Что же касается объективности в «коммунальном» смысле, то в действительности это беспристрастность к объекту, но пристрастность к своему месту в сообществе; независимость от условий познания и полная зависимость от среды, в которой приходится работать. Объективен не тот, кто сопричастен с объектом, а тот, кто подчиняется «коммунальным» нормам, вобравшим в себя прошлый опыт других субъектов, составляющих сообщество, то есть, в конечном счете, чужой субъективности. Естественно, в этих условиях оригинальной идее, устремленной к объекту, направленной на его осмысление помимо «кристаллизованной» субъективности и даже вопреки ей, вряд ли стоит рассчитывать на поддержку окружающих. Наоборот, она будет всячески выдавливаться из «коммунального разума» как подрывающая его устои.
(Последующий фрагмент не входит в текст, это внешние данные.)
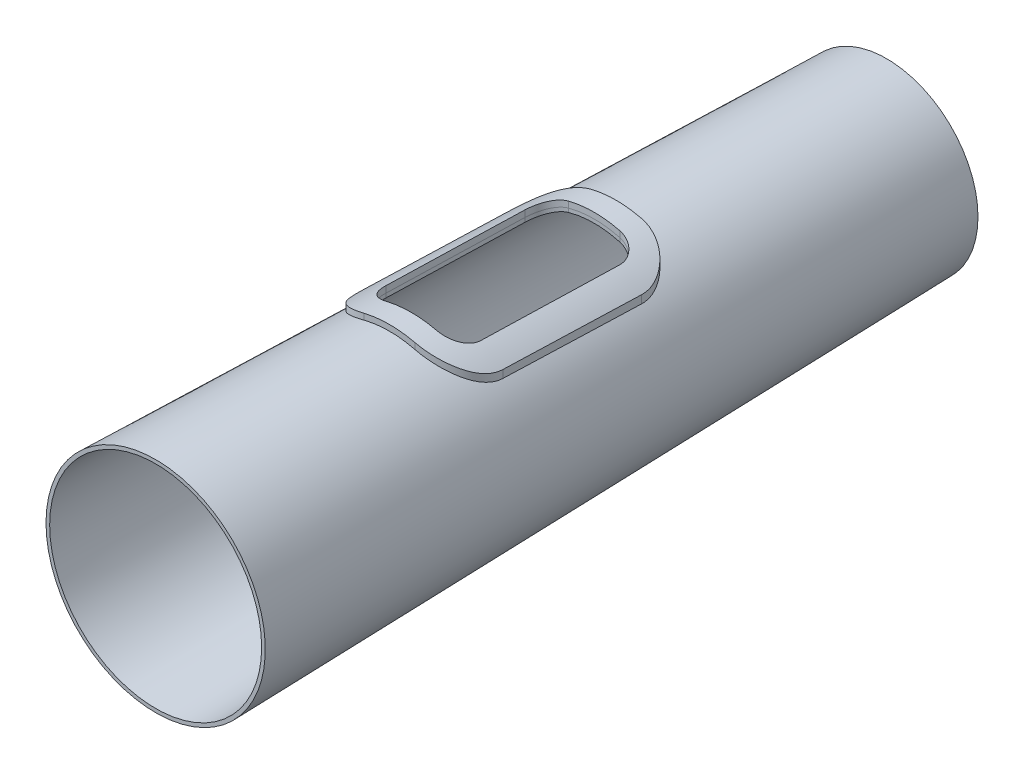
ISO-10303-21;
HEADER;
FILE_DESCRIPTION(('STEP AP214'),'2;1');
FILE_NAME('part.step','',(''),(''),'','','');
FILE_SCHEMA(('AUTOMOTIVE_DESIGN { 1 0 10303 214 1 1 1 1 }'));
ENDSEC;
DATA;
#1=APPLICATION_CONTEXT('core data for automotive mechanical design processes');
#2=APPLICATION_PROTOCOL_DEFINITION('international standard','automotive_design',2000,#1);
#3=PRODUCT_CONTEXT('',#1,'mechanical');
#4=PRODUCT('Part','Part','',(#3));
#5=PRODUCT_RELATED_PRODUCT_CATEGORY('part','',(#4));
#6=PRODUCT_DEFINITION_FORMATION('','',#4);
#7=PRODUCT_DEFINITION_CONTEXT('part definition',#1,'design');
#8=PRODUCT_DEFINITION('design','',#6,#7);
#9=PRODUCT_DEFINITION_SHAPE('','',#8);
#10=(LENGTH_UNIT() NAMED_UNIT(*) SI_UNIT(.MILLI.,.METRE.));
#11=(NAMED_UNIT(*) PLANE_ANGLE_UNIT() SI_UNIT($,.RADIAN.));
#12=(NAMED_UNIT(*) SI_UNIT($,.STERADIAN.) SOLID_ANGLE_UNIT());
#13=UNCERTAINTY_MEASURE_WITH_UNIT(LENGTH_MEASURE(1.E-05),#10,'distance_accuracy_value','');
#14=(GEOMETRIC_REPRESENTATION_CONTEXT(3) GLOBAL_UNCERTAINTY_ASSIGNED_CONTEXT((#13)) GLOBAL_UNIT_ASSIGNED_CONTEXT((#10,
#11,#12)) REPRESENTATION_CONTEXT('',''));
#15=CARTESIAN_POINT('',(0.,0.,0.));
#16=DIRECTION('',(0.,0.,1.));
#17=DIRECTION('',(1.,0.,0.));
#18=AXIS2_PLACEMENT_3D('',#15,#16,#17);
#19=CARTESIAN_POINT('',(35.,150.,-380.));
#20=DIRECTION('',(0.,-1.,0.));
#21=DIRECTION('',(0.,0.,-1.));
#22=AXIS2_PLACEMENT_3D('',#19,#20,#21);
#23=CYLINDRICAL_SURFACE('',#22,30.);
#24=CARTESIAN_POINT('',(65.000000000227,124.56022639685,-379.999999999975));
#25=CARTESIAN_POINT('',(65.0000083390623,124.571393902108,-379.603684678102));
#26=CARTESIAN_POINT('',(64.9921468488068,124.586672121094,-379.207492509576));
#27=CARTESIAN_POINT('',(64.9607752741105,124.625345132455,-378.416138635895));
#28=CARTESIAN_POINT('',(64.9372657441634,124.648739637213,-378.020976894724));
#29=CARTESIAN_POINT('',(64.8747033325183,124.703528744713,-377.232618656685));
#30=CARTESIAN_POINT('',(64.8356575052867,124.734919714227,-376.839421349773));
#31=CARTESIAN_POINT('',(64.7421840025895,124.805537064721,-376.055594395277));
#32=CARTESIAN_POINT('',(64.6877562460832,124.844763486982,-375.664964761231));
#33=CARTESIAN_POINT('',(64.5022439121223,124.973509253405,-374.501639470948));
#34=CARTESIAN_POINT('',(64.3486205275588,125.074366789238,-373.733640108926));
#35=CARTESIAN_POINT('',(63.9830953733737,125.304347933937,-372.216060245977));
#36=CARTESIAN_POINT('',(63.7711888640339,125.433473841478,-371.466481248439));
#37=CARTESIAN_POINT('',(63.2919074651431,125.71727470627,-369.991592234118));
#38=CARTESIAN_POINT('',(63.0246191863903,125.87190969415,-369.266246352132));
#39=CARTESIAN_POINT('',(62.4371208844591,126.204065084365,-367.842808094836));
#40=CARTESIAN_POINT('',(62.116911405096,126.381585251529,-367.144715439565));
#41=CARTESIAN_POINT('',(61.4261245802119,126.756722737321,-365.778665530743));
#42=CARTESIAN_POINT('',(61.0554977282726,126.9543597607,-365.1107387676));
#43=CARTESIAN_POINT('',(60.2670748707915,127.366534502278,-363.808824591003));
#44=CARTESIAN_POINT('',(59.8492769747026,127.581072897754,-363.174838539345));
#45=CARTESIAN_POINT('',(58.9407021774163,128.038482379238,-361.903243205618));
#46=CARTESIAN_POINT('',(58.4469409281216,128.282288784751,-361.268102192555));
#47=CARTESIAN_POINT('',(57.4124988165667,128.782137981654,-360.041953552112));
#48=CARTESIAN_POINT('',(56.8717974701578,129.03818609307,-359.450965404));
#49=CARTESIAN_POINT('',(55.7468459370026,129.559056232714,-358.315739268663));
#50=CARTESIAN_POINT('',(55.1625799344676,129.823881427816,-357.771518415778));
#51=CARTESIAN_POINT('',(53.9542502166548,130.358800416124,-356.73261804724));
#52=CARTESIAN_POINT('',(53.3302008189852,130.628892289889,-356.237920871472));
#53=CARTESIAN_POINT('',(51.9845955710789,131.196972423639,-355.255679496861));
#54=CARTESIAN_POINT('',(51.2594003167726,131.495182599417,-354.773239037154));
#55=CARTESIAN_POINT('',(49.7693971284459,132.090384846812,-353.872951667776));
#56=CARTESIAN_POINT('',(49.0045852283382,132.387376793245,-353.45511124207));
#57=CARTESIAN_POINT('',(47.440419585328,132.97629052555,-352.687097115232));
#58=CARTESIAN_POINT('',(46.6410852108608,133.268215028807,-352.336886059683));
#59=CARTESIAN_POINT('',(45.0123944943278,133.843718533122,-351.706641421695));
#60=CARTESIAN_POINT('',(44.1830430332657,134.127298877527,-351.426596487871));
#61=CARTESIAN_POINT('',(42.6699628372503,134.626726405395,-350.988617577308));
#62=CARTESIAN_POINT('',(41.9907258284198,134.844667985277,-350.817441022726));
#63=CARTESIAN_POINT('',(40.6193896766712,135.271772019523,-350.522649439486));
#64=CARTESIAN_POINT('',(39.9272929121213,135.480936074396,-350.399025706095));
#65=CARTESIAN_POINT('',(38.5330250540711,135.88921928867,-350.200443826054));
#66=CARTESIAN_POINT('',(37.830851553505,136.088335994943,-350.125497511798));
#67=CARTESIAN_POINT('',(36.4196701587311,136.475382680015,-350.025249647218));
#68=CARTESIAN_POINT('',(35.7106601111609,136.663308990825,-349.999964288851));
#69=CARTESIAN_POINT('',(35.0000000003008,136.845030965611,-350.));
#70=B_SPLINE_CURVE_WITH_KNOTS('',3,(#24,#25,#26,#27,#28,#29,#30,#31,#32,#33,#34,#35,#36,#37,#38,
#39,#40,#41,#42,#43,#44,#45,#46,#47,#48,#49,#50,#51,#52,#53,#54,#55,#56,#57,#58,#59,#60,#61,#62,
#63,#64,#65,#66,#67,#68,#69),.UNSPECIFIED.,.F.,.F.,(4,2,2,2,2,2,2,2,2,2,2,2,2,2,2,2,2,2,2,2,2,2,
4),(0.,1.1893061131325,2.37857008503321,3.56729467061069,4.75602551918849,7.12185969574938,
9.48788632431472,11.8502403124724,14.2125700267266,16.5772363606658,18.9419975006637,
21.461222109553,23.9815516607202,26.5028006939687,29.0231474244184,31.7819175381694,
34.5409643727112,37.2984828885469,40.0555550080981,42.2547298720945,44.4535019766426,
46.6528083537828,48.8528316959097),.UNSPECIFIED.);
#71=CARTESIAN_POINT('',(65.,124.560226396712,-379.999999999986));
#72=VERTEX_POINT('',#71);
#73=CARTESIAN_POINT('',(35.,136.845030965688,-350.));
#74=VERTEX_POINT('',#73);
#75=EDGE_CURVE('E154',#72,#74,#70,.T.);
#76=ORIENTED_EDGE('',*,*,#75,.T.);
#77=DIRECTION('',(0.,-1.,0.));
#78=VECTOR('',#77,1.);
#79=CARTESIAN_POINT('',(35.,150.,-350.));
#80=LINE('',#79,#78);
#81=CARTESIAN_POINT('',(34.999848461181,145.090764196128,-350.00000000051));
#82=VERTEX_POINT('',#81);
#83=EDGE_CURVE('E352',#82,#74,#80,.T.);
#84=ORIENTED_EDGE('',*,*,#83,.F.);
#85=CARTESIAN_POINT('',(64.9999999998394,133.521502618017,-380.000098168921));
#86=CARTESIAN_POINT('',(65.0000093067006,133.532595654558,-379.60084460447));
#87=CARTESIAN_POINT('',(64.9920325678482,133.547580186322,-379.201706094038));
#88=CARTESIAN_POINT('',(64.9601938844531,133.5852357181,-378.404438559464));
#89=CARTESIAN_POINT('',(64.9363324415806,133.607906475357,-378.00630950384));
#90=CARTESIAN_POINT('',(64.8728241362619,133.660827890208,-377.211976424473));
#91=CARTESIAN_POINT('',(64.8331836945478,133.691075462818,-376.81577168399));
#92=CARTESIAN_POINT('',(64.7382728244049,133.75899858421,-376.025906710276));
#93=CARTESIAN_POINT('',(64.6830023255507,133.79667416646,-375.632246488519));
#94=CARTESIAN_POINT('',(64.494537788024,133.920228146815,-374.459512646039));
#95=CARTESIAN_POINT('',(64.338402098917,134.016874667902,-373.6851064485));
#96=CARTESIAN_POINT('',(63.966731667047,134.237053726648,-372.154689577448));
#97=CARTESIAN_POINT('',(63.751192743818,134.360588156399,-371.398680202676));
#98=CARTESIAN_POINT('',(63.2634182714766,134.632041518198,-369.910837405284));
#99=CARTESIAN_POINT('',(62.9912583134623,134.77992788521,-369.178973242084));
#100=CARTESIAN_POINT('',(62.392778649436,135.097571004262,-367.742715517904));
#101=CARTESIAN_POINT('',(62.0664593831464,135.267327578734,-367.038321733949));
#102=CARTESIAN_POINT('',(61.3622355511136,135.626060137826,-365.660129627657));
#103=CARTESIAN_POINT('',(60.984286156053,135.815052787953,-364.986358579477));
#104=CARTESIAN_POINT('',(60.1800199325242,136.209220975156,-363.67335133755));
#105=CARTESIAN_POINT('',(59.7537013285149,136.414397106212,-363.034116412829));
#106=CARTESIAN_POINT('',(58.8292159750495,136.850502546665,-361.756479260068));
#107=CARTESIAN_POINT('',(58.3282989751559,137.08223672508,-361.120334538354));
#108=CARTESIAN_POINT('',(57.5415688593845,137.438370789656,-360.199982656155));
#109=CARTESIAN_POINT('',(57.2734154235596,137.558511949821,-359.898825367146));
#110=CARTESIAN_POINT('',(56.7256575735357,137.801270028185,-359.308018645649));
#111=CARTESIAN_POINT('',(56.4460508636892,137.923887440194,-359.018371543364));
#112=CARTESIAN_POINT('',(55.590666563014,138.294849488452,-358.167190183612));
#113=CARTESIAN_POINT('',(54.9983556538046,138.546289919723,-357.623451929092));
#114=CARTESIAN_POINT('',(53.7732890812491,139.054156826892,-356.586160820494));
#115=CARTESIAN_POINT('',(53.1405315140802,139.310583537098,-356.09261033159));
#116=CARTESIAN_POINT('',(52.1366250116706,139.707378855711,-355.372278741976));
#117=CARTESIAN_POINT('',(51.7784480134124,139.847090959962,-355.126880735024));
#118=CARTESIAN_POINT('',(51.0519019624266,140.126590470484,-354.651927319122));
#119=CARTESIAN_POINT('',(50.6835351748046,140.266377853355,-354.422368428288));
#120=CARTESIAN_POINT('',(49.5637333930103,140.685269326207,-353.757838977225));
#121=CARTESIAN_POINT('',(48.7975924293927,140.963904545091,-353.347012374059));
#122=CARTESIAN_POINT('',(47.2316724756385,141.516147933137,-352.59304526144));
#123=CARTESIAN_POINT('',(46.4319123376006,141.789758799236,-352.249867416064));
#124=CARTESIAN_POINT('',(44.803264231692,142.32892254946,-351.633581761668));
#125=CARTESIAN_POINT('',(43.9743813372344,142.594476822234,-351.360461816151));
#126=CARTESIAN_POINT('',(42.4773756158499,143.05749972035,-350.938790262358));
#127=CARTESIAN_POINT('',(41.8138742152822,143.257125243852,-350.776055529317));
#128=CARTESIAN_POINT('',(40.4751405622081,143.648380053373,-350.495926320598));
#129=CARTESIAN_POINT('',(39.7999105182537,143.840010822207,-350.37852340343));
#130=CARTESIAN_POINT('',(38.4404820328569,144.214133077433,-350.190037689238));
#131=CARTESIAN_POINT('',(37.7562833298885,144.396624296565,-350.118956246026));
#132=CARTESIAN_POINT('',(36.3818035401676,144.75151473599,-350.023911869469));
#133=CARTESIAN_POINT('',(35.6915206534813,144.923910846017,-349.999963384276));
#134=CARTESIAN_POINT('',(34.9998401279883,145.090729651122,-350.000000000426));
#135=B_SPLINE_CURVE_WITH_KNOTS('',3,(#85,#86,#87,#88,#89,#90,#91,#92,#93,#94,#95,#96,#97,#98,
#99,#100,#101,#102,#103,#104,#105,#106,#107,#108,#109,#110,#111,#112,#113,#114,#115,#116,#117,
#118,#119,#120,#121,#122,#123,#124,#125,#126,#127,#128,#129,#130,#131,#132,#133,#134),
.UNSPECIFIED.,.F.,.F.,(4,2,2,2,2,2,2,2,2,2,2,2,2,2,2,2,2,2,2,2,2,2,2,2,4),(0.,1.19811228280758,
2.39618672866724,3.59377415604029,4.7913669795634,7.17579211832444,9.56038510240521,
11.9418147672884,14.3232250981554,16.7067164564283,19.0902953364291,21.6139793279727,
22.8759769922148,24.1382288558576,26.6628806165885,29.1876513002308,30.5556092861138,
31.9232655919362,34.6585606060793,37.3923417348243,40.1256489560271,42.2593658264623,
44.3926851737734,46.5260668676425,48.6601024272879),.UNSPECIFIED.);
#136=CARTESIAN_POINT('',(65.0000085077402,133.521495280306,-380.000097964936));
#137=VERTEX_POINT('',#136);
#138=EDGE_CURVE('E263',#137,#82,#135,.T.);
#139=ORIENTED_EDGE('',*,*,#138,.F.);
#140=DIRECTION('',(0.,-1.,0.));
#141=VECTOR('',#140,1.);
#142=CARTESIAN_POINT('',(65.,150.,-380.));
#143=LINE('',#142,#141);
#144=EDGE_CURVE('E360',#137,#72,#143,.T.);
#145=ORIENTED_EDGE('',*,*,#144,.T.);
#146=EDGE_LOOP('',(#76,#84,#139,#145));
#147=FACE_BOUND('',#146,.T.);
#148=ADVANCED_FACE('F47',(#147),#23,.F.);
#149=CARTESIAN_POINT('',(-35.,150.,-350.));
#150=DIRECTION('',(0.,0.,-1.));
#151=DIRECTION('',(-1.,0.,0.));
#152=AXIS2_PLACEMENT_3D('',#149,#150,#151);
#153=PLANE('',#152);
#154=CARTESIAN_POINT('',(0.,0.,-350.));
#155=DIRECTION('',(0.,0.,-1.));
#156=DIRECTION('',(-1.,0.,0.));
#157=AXIS2_PLACEMENT_3D('',#154,#155,#156);
#158=CIRCLE('',#157,141.25);
#159=CARTESIAN_POINT('',(-35.0000000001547,136.845030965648,-350.));
#160=VERTEX_POINT('',#159);
#161=EDGE_CURVE('E150',#74,#160,#158,.F.);
#162=ORIENTED_EDGE('',*,*,#161,.T.);
#163=DIRECTION('',(0.,-1.,0.));
#164=VECTOR('',#163,1.);
#165=CARTESIAN_POINT('',(-35.,150.,-350.));
#166=LINE('',#165,#164);
#167=CARTESIAN_POINT('',(-34.9998484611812,145.090764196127,-350.00000000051));
#168=VERTEX_POINT('',#167);
#169=EDGE_CURVE('E365',#168,#160,#166,.T.);
#170=ORIENTED_EDGE('',*,*,#169,.F.);
#171=CARTESIAN_POINT('',(0.,0.,-350.));
#172=DIRECTION('',(0.,0.,-1.));
#173=DIRECTION('',(-1.,0.,0.));
#174=AXIS2_PLACEMENT_3D('',#171,#172,#173);
#175=CIRCLE('',#174,149.252499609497);
#176=EDGE_CURVE('E333',#82,#168,#175,.F.);
#177=ORIENTED_EDGE('',*,*,#176,.F.);
#178=ORIENTED_EDGE('',*,*,#83,.T.);
#179=EDGE_LOOP('',(#162,#170,#177,#178));
#180=FACE_BOUND('',#179,.T.);
#181=ADVANCED_FACE('F268',(#180),#153,.T.);
#182=CARTESIAN_POINT('',(-35.,150.,-380.));
#183=DIRECTION('',(0.,-1.,0.));
#184=DIRECTION('',(0.,0.,-1.));
#185=AXIS2_PLACEMENT_3D('',#182,#183,#184);
#186=CYLINDRICAL_SURFACE('',#185,30.);
#187=CARTESIAN_POINT('',(-35.0000000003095,136.845030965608,-350.));
#188=CARTESIAN_POINT('',(-35.4413371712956,136.732156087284,-350.000000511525));
#189=CARTESIAN_POINT('',(-35.8820039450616,136.616919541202,-350.009740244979));
#190=CARTESIAN_POINT('',(-36.7612651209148,136.381949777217,-350.048511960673));
#191=CARTESIAN_POINT('',(-37.1998596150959,136.262216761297,-350.077543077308));
#192=CARTESIAN_POINT('',(-38.5109900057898,135.896738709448,-350.193250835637));
#193=CARTESIAN_POINT('',(-39.3793859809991,135.644583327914,-350.30854232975));
#194=CARTESIAN_POINT('',(-41.0965028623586,135.126286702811,-350.613071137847));
#195=CARTESIAN_POINT('',(-41.9452635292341,134.860178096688,-350.802142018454));
#196=CARTESIAN_POINT('',(-43.6197632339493,134.316093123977,-351.251935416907));
#197=CARTESIAN_POINT('',(-44.4455004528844,134.0381158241,-351.512663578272));
#198=CARTESIAN_POINT('',(-46.0678540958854,133.473604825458,-352.102921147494));
#199=CARTESIAN_POINT('',(-46.8645003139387,133.187080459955,-352.432377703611));
#200=CARTESIAN_POINT('',(-48.4248506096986,132.608424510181,-353.157616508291));
#201=CARTESIAN_POINT('',(-49.1885552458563,132.316293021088,-353.553397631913));
#202=CARTESIAN_POINT('',(-50.6790800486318,131.729683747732,-354.408881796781));
#203=CARTESIAN_POINT('',(-51.4058754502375,131.435204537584,-354.868627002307));
#204=CARTESIAN_POINT('',(-52.81777636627,130.847780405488,-355.849107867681));
#205=CARTESIAN_POINT('',(-53.502880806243,130.554835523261,-356.369845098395));
#206=CARTESIAN_POINT('',(-54.8495799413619,129.964590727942,-357.488096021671));
#207=CARTESIAN_POINT('',(-55.5095988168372,129.667477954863,-358.087608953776));
#208=CARTESIAN_POINT('',(-56.7759567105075,129.083657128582,-359.345598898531));
#209=CARTESIAN_POINT('',(-57.3822936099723,128.796949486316,-360.004078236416));
#210=CARTESIAN_POINT('',(-58.5366290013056,128.23872334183,-361.376593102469));
#211=CARTESIAN_POINT('',(-59.0846165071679,127.967207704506,-362.090639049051));
#212=CARTESIAN_POINT('',(-60.1172021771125,127.444478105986,-363.570155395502));
#213=CARTESIAN_POINT('',(-60.6018052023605,127.193262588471,-364.335621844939));
#214=CARTESIAN_POINT('',(-61.4883103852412,126.723876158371,-365.888201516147));
#215=CARTESIAN_POINT('',(-61.8923550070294,126.5049076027,-366.673848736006));
#216=CARTESIAN_POINT('',(-62.6319065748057,126.095451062,-368.284088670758));
#217=CARTESIAN_POINT('',(-62.9674063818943,125.904966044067,-369.108685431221));
#218=CARTESIAN_POINT('',(-63.5648251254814,125.557328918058,-370.788906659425));
#219=CARTESIAN_POINT('',(-63.8268968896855,125.400107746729,-371.644462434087));
#220=CARTESIAN_POINT('',(-64.274411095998,125.12252171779,-373.380958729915));
#221=CARTESIAN_POINT('',(-64.4598971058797,125.002135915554,-374.261884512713));
#222=CARTESIAN_POINT('',(-64.670978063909,124.85667738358,-375.550603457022));
#223=CARTESIAN_POINT('',(-64.7283608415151,124.815635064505,-375.951660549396));
#224=CARTESIAN_POINT('',(-64.8268918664,124.74181521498,-376.756434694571));
#225=CARTESIAN_POINT('',(-64.8680450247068,124.709035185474,-377.160150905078));
#226=CARTESIAN_POINT('',(-64.9339403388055,124.651930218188,-377.969269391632));
#227=CARTESIAN_POINT('',(-64.9586921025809,124.627600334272,-378.374670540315));
#228=CARTESIAN_POINT('',(-64.9917284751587,124.587477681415,-379.186667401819));
#229=CARTESIAN_POINT('',(-65.0000089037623,124.571687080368,-379.593263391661));
#230=CARTESIAN_POINT('',(-64.9999999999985,124.560226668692,-379.99999035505));
#231=B_SPLINE_CURVE_WITH_KNOTS('',3,(#187,#188,#189,#190,#191,#192,#193,#194,#195,#196,#197,
#198,#199,#200,#201,#202,#203,#204,#205,#206,#207,#208,#209,#210,#211,#212,#213,#214,#215,#216,
#217,#218,#219,#220,#221,#222,#223,#224,#225,#226,#227,#228,#229,#230),.UNSPECIFIED.,.F.,.F.,(4,
2,2,2,2,2,2,2,2,2,2,2,2,2,2,2,2,2,2,2,2,4),(0.,1.36639338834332,2.73272547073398,
5.46380594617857,8.1887608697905,10.9139304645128,13.6362259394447,16.3584752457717,
19.0825276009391,21.8066501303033,24.6227894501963,27.4390398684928,30.255819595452,
33.0723831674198,35.7992373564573,38.5263754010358,41.247794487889,43.9676632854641,
45.1889816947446,46.409930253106,47.6301629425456,48.8507052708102),.UNSPECIFIED.);
#232=CARTESIAN_POINT('',(-64.9999999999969,124.560226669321,-379.999990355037));
#233=VERTEX_POINT('',#232);
#234=EDGE_CURVE('E153',#160,#233,#231,.T.);
#235=ORIENTED_EDGE('',*,*,#234,.T.);
#236=DIRECTION('',(0.,-1.,0.));
#237=VECTOR('',#236,1.);
#238=CARTESIAN_POINT('',(-65.,150.,-380.));
#239=LINE('',#238,#237);
#240=CARTESIAN_POINT('',(-65.0000084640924,133.521491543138,-380.000102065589));
#241=VERTEX_POINT('',#240);
#242=EDGE_CURVE('E130',#241,#233,#239,.T.);
#243=ORIENTED_EDGE('',*,*,#242,.F.);
#244=CARTESIAN_POINT('',(-34.9998401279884,145.090729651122,-350.000000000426));
#245=CARTESIAN_POINT('',(-35.4391430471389,144.984760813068,-349.999998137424));
#246=CARTESIAN_POINT('',(-35.8778455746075,144.876570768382,-350.00964600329));
#247=CARTESIAN_POINT('',(-36.7533267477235,144.655959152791,-350.048073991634));
#248=CARTESIAN_POINT('',(-37.190105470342,144.543537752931,-350.076853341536));
#249=CARTESIAN_POINT('',(-38.4960484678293,144.200354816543,-350.191597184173));
#250=CARTESIAN_POINT('',(-39.3613013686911,143.96355824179,-350.305967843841));
#251=CARTESIAN_POINT('',(-41.0729127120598,143.476743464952,-350.608270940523));
#252=CARTESIAN_POINT('',(-41.9193065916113,143.226753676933,-350.79605045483));
#253=CARTESIAN_POINT('',(-43.5896426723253,142.715589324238,-351.24299292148));
#254=CARTESIAN_POINT('',(-44.4135833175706,142.45441398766,-351.502160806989));
#255=CARTESIAN_POINT('',(-46.0329905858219,141.923957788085,-352.0891730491));
#256=CARTESIAN_POINT('',(-46.8284820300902,141.654684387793,-352.416955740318));
#257=CARTESIAN_POINT('',(-48.3869068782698,141.110878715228,-353.138722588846));
#258=CARTESIAN_POINT('',(-49.1498407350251,140.836346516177,-353.532705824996));
#259=CARTESIAN_POINT('',(-50.6391348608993,140.285100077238,-354.384504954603));
#260=CARTESIAN_POINT('',(-51.3654741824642,140.008384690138,-354.84235685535));
#261=CARTESIAN_POINT('',(-52.4236599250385,139.594521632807,-355.574599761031));
#262=CARTESIAN_POINT('',(-52.7711839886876,139.456762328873,-355.826271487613));
#263=CARTESIAN_POINT('',(-53.4554198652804,139.182042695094,-356.344520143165));
#264=CARTESIAN_POINT('',(-53.7921287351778,139.045082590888,-356.61110107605));
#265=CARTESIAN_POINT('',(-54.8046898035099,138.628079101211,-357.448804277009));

каждый, кто хоть раз участвовал в соревнованиях за гранты, исследовательские стипендии или же защищал диссертацию, хорошо знает, что главным правилом является «не дразнить гусей» и не претендовать на значительную новизну. В противном случае он будет не просто неправильно понят и возбудит к себе нездоровый интерес, но вызовет жесткое сопротивление. Это относится и к молодым, и к вполне сформировавшимся ученым, которые еще не успели «забронзоветь», заняв место в научной иерархии (Петросян, 2008: 157—158). Ибо, выставляя напоказ свои прозрения, они тем самым вольно или невольно сосредоточивают внимание своих потенциальных критиков как раз на тех моментах, которые наиболее уязвимы с точки зрения сложившейся ментальности.
В начале 80-х годов прошлого века Дж. Армстронг вывел эффективную «авторскую формулу» для тех, кто хочет быстро и без помех опубликовать свой материал. Она включала в себя шесть обязательных компонентов: не затрагивать важных проблем; не покушаться на существующие представления; не предъявлять неожиданных результатов; не пользоваться простыми методами; не раскрывать все подробности; и не писать ясно (Armstrong, 1982). Выполнение этих рекомендаций почти гарантирует выход материала в свет. Однако проблема в том, что такая публикация лишена
всякого научного смысла — если, конечно, не считать таковым решение карьерных задач или удовлетворение тщеславия. Ибо в ней не содержится приращения знания.
Таким образом, тотальное выполнение того, чего на самом деле требуют от авторов эксперты, а от них, в свою очередь,— так называемые стандарты, привело бы лишь к «выравниванию» научного сознания, взращиванию посредственности, отсечению изобретательного и талантливого, а главное — к практическому исключению масштабных новаций. Поощрялись бы в лучшем случае только мелкие усовершенствования, «дальнейшее развитие» давно известного и отработанного, дополнительные подтверждения незыблемых принципов. У исследователей с младых ногтей подавлялась бы оригинальность и отбивалась бы охота к генерированию идей.
6. Индексы цитирования
«измеряя» вклад ученого в развитие знания, обращают внимание, прежде всего, на список печатных работ. Особенно желательным представляется их появление в так называемых авторитетных (top-tier) журналах или, по крайней мере, в тех, которые в данном учреждении принято считать солидными. Так повелось издавна. И хотя вера в столь простое мерило уже существенно подорвана, оно по-прежнему широко используется как при оценке заслуг, так и при найме на работу.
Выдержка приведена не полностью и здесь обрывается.